→ BRIEF:
Among the entries that follow, some lines contain the word "highlighted". Show all of them.

→ Records from a dataset:
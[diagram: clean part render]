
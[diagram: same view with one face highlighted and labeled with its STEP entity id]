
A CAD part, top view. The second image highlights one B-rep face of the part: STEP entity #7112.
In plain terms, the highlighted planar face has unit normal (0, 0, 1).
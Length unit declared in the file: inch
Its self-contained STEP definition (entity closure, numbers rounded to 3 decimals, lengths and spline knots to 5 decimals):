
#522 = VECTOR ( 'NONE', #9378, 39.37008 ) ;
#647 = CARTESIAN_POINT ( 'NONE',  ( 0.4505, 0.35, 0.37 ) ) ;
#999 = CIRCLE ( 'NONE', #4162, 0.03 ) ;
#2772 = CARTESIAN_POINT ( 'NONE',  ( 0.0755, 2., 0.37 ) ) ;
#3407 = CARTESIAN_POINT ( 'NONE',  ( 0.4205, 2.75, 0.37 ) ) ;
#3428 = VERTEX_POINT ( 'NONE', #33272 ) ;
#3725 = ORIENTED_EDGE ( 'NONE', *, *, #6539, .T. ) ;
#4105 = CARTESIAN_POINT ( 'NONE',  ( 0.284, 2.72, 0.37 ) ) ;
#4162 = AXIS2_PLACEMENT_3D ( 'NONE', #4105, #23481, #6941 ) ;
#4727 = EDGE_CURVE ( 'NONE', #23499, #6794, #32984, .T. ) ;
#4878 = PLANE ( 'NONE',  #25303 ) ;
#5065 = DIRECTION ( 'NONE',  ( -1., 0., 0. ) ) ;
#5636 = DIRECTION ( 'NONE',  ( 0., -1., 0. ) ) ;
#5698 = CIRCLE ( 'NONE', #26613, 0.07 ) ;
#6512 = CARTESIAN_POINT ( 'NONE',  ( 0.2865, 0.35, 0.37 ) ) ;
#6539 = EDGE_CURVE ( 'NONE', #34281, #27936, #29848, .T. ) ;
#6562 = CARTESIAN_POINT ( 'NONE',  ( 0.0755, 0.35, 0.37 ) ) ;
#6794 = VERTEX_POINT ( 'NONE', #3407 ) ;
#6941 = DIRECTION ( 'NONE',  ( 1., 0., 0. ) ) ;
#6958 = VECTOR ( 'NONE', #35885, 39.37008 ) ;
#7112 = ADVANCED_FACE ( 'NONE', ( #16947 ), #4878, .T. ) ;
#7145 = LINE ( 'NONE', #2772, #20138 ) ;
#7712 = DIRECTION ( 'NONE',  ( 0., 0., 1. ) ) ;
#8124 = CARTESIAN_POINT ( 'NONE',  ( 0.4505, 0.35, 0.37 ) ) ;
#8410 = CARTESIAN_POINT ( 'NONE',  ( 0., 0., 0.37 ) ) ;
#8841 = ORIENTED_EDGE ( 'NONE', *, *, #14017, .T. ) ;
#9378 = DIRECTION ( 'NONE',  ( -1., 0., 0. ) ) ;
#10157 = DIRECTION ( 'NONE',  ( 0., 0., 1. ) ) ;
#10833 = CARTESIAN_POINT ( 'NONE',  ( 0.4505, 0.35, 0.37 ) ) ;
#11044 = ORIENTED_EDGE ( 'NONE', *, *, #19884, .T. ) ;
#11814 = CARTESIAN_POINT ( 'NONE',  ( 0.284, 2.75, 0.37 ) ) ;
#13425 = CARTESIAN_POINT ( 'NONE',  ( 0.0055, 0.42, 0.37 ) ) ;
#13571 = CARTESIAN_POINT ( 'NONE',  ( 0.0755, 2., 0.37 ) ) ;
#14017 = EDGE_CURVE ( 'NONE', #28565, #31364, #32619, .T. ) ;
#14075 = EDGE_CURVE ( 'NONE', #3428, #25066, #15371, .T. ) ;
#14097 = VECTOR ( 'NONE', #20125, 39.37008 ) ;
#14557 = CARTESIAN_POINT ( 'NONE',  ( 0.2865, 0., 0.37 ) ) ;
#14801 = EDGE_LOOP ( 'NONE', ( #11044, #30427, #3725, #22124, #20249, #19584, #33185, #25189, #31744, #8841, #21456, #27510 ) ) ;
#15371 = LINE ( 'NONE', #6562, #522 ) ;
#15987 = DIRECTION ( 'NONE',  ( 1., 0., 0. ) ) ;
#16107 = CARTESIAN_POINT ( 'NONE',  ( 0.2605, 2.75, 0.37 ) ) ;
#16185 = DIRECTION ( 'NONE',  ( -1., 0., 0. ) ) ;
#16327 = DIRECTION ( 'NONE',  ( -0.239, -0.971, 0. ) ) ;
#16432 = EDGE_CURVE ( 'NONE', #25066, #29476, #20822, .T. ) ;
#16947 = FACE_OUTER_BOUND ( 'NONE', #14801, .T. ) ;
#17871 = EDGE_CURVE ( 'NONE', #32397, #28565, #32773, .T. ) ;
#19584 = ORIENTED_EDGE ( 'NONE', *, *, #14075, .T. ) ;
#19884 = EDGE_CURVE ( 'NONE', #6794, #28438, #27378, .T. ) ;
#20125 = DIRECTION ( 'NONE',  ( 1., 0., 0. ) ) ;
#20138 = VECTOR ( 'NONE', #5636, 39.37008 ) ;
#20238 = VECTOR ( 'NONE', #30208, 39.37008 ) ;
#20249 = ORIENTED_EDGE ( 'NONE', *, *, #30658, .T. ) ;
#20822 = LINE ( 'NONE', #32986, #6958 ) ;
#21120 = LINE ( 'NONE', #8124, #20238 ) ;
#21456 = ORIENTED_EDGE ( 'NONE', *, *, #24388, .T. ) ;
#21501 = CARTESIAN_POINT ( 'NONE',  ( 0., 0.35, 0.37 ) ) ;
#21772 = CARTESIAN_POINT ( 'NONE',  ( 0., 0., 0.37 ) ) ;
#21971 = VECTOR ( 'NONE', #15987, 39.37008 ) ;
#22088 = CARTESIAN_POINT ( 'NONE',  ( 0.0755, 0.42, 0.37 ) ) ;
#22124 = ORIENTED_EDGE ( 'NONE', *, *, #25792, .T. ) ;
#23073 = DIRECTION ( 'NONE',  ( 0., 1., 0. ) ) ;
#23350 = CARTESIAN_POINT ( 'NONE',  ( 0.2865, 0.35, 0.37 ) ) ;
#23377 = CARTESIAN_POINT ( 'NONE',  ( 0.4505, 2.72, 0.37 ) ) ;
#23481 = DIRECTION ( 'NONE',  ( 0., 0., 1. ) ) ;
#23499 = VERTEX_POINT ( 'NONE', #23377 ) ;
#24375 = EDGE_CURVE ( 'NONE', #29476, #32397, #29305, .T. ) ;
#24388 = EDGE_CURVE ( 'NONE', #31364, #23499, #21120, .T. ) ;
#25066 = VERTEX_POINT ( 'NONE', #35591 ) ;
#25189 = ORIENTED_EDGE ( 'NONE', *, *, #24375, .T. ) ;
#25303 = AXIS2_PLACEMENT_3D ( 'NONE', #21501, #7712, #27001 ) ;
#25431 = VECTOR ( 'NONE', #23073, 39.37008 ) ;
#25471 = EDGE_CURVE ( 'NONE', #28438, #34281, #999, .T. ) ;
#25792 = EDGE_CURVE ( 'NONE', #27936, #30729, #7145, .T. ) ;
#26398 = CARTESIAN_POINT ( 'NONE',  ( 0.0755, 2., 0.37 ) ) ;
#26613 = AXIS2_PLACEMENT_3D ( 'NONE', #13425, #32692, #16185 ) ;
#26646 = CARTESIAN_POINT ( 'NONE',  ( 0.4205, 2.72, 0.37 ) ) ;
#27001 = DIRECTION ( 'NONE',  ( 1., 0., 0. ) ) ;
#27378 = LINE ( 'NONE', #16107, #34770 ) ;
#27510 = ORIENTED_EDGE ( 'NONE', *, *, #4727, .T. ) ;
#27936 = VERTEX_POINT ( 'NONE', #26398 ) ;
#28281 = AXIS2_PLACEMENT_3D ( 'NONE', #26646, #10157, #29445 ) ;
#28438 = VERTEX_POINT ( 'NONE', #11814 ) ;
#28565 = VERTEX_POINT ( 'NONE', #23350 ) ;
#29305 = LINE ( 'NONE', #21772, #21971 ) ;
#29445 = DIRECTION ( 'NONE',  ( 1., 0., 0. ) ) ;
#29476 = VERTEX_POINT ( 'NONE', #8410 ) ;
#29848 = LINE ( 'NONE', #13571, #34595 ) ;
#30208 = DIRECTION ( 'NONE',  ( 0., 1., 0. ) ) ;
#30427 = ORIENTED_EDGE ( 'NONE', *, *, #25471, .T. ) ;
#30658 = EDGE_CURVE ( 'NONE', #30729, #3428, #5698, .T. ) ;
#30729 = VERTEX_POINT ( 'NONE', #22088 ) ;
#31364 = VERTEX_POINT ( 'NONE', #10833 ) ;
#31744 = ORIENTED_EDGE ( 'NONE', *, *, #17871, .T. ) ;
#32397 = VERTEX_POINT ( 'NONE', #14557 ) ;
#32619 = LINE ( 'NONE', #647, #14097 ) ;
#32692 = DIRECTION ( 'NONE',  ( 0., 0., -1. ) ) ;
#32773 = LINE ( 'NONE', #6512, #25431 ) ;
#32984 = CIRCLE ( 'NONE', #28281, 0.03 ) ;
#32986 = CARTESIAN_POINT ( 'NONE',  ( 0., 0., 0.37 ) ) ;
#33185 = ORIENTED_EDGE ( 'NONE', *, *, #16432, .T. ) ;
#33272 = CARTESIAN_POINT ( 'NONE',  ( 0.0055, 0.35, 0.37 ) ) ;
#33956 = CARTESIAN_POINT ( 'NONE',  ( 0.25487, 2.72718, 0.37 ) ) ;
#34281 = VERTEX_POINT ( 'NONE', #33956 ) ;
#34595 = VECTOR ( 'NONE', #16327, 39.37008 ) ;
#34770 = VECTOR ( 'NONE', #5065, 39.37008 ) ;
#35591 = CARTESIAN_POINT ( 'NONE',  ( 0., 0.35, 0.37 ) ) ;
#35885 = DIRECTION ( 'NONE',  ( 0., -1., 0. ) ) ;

→ TASK SOLUTION:
[diagram: same view with one face highlighted and labeled with its STEP entity id]
In plain terms, the highlighted planar face has unit normal (0, 0, 1).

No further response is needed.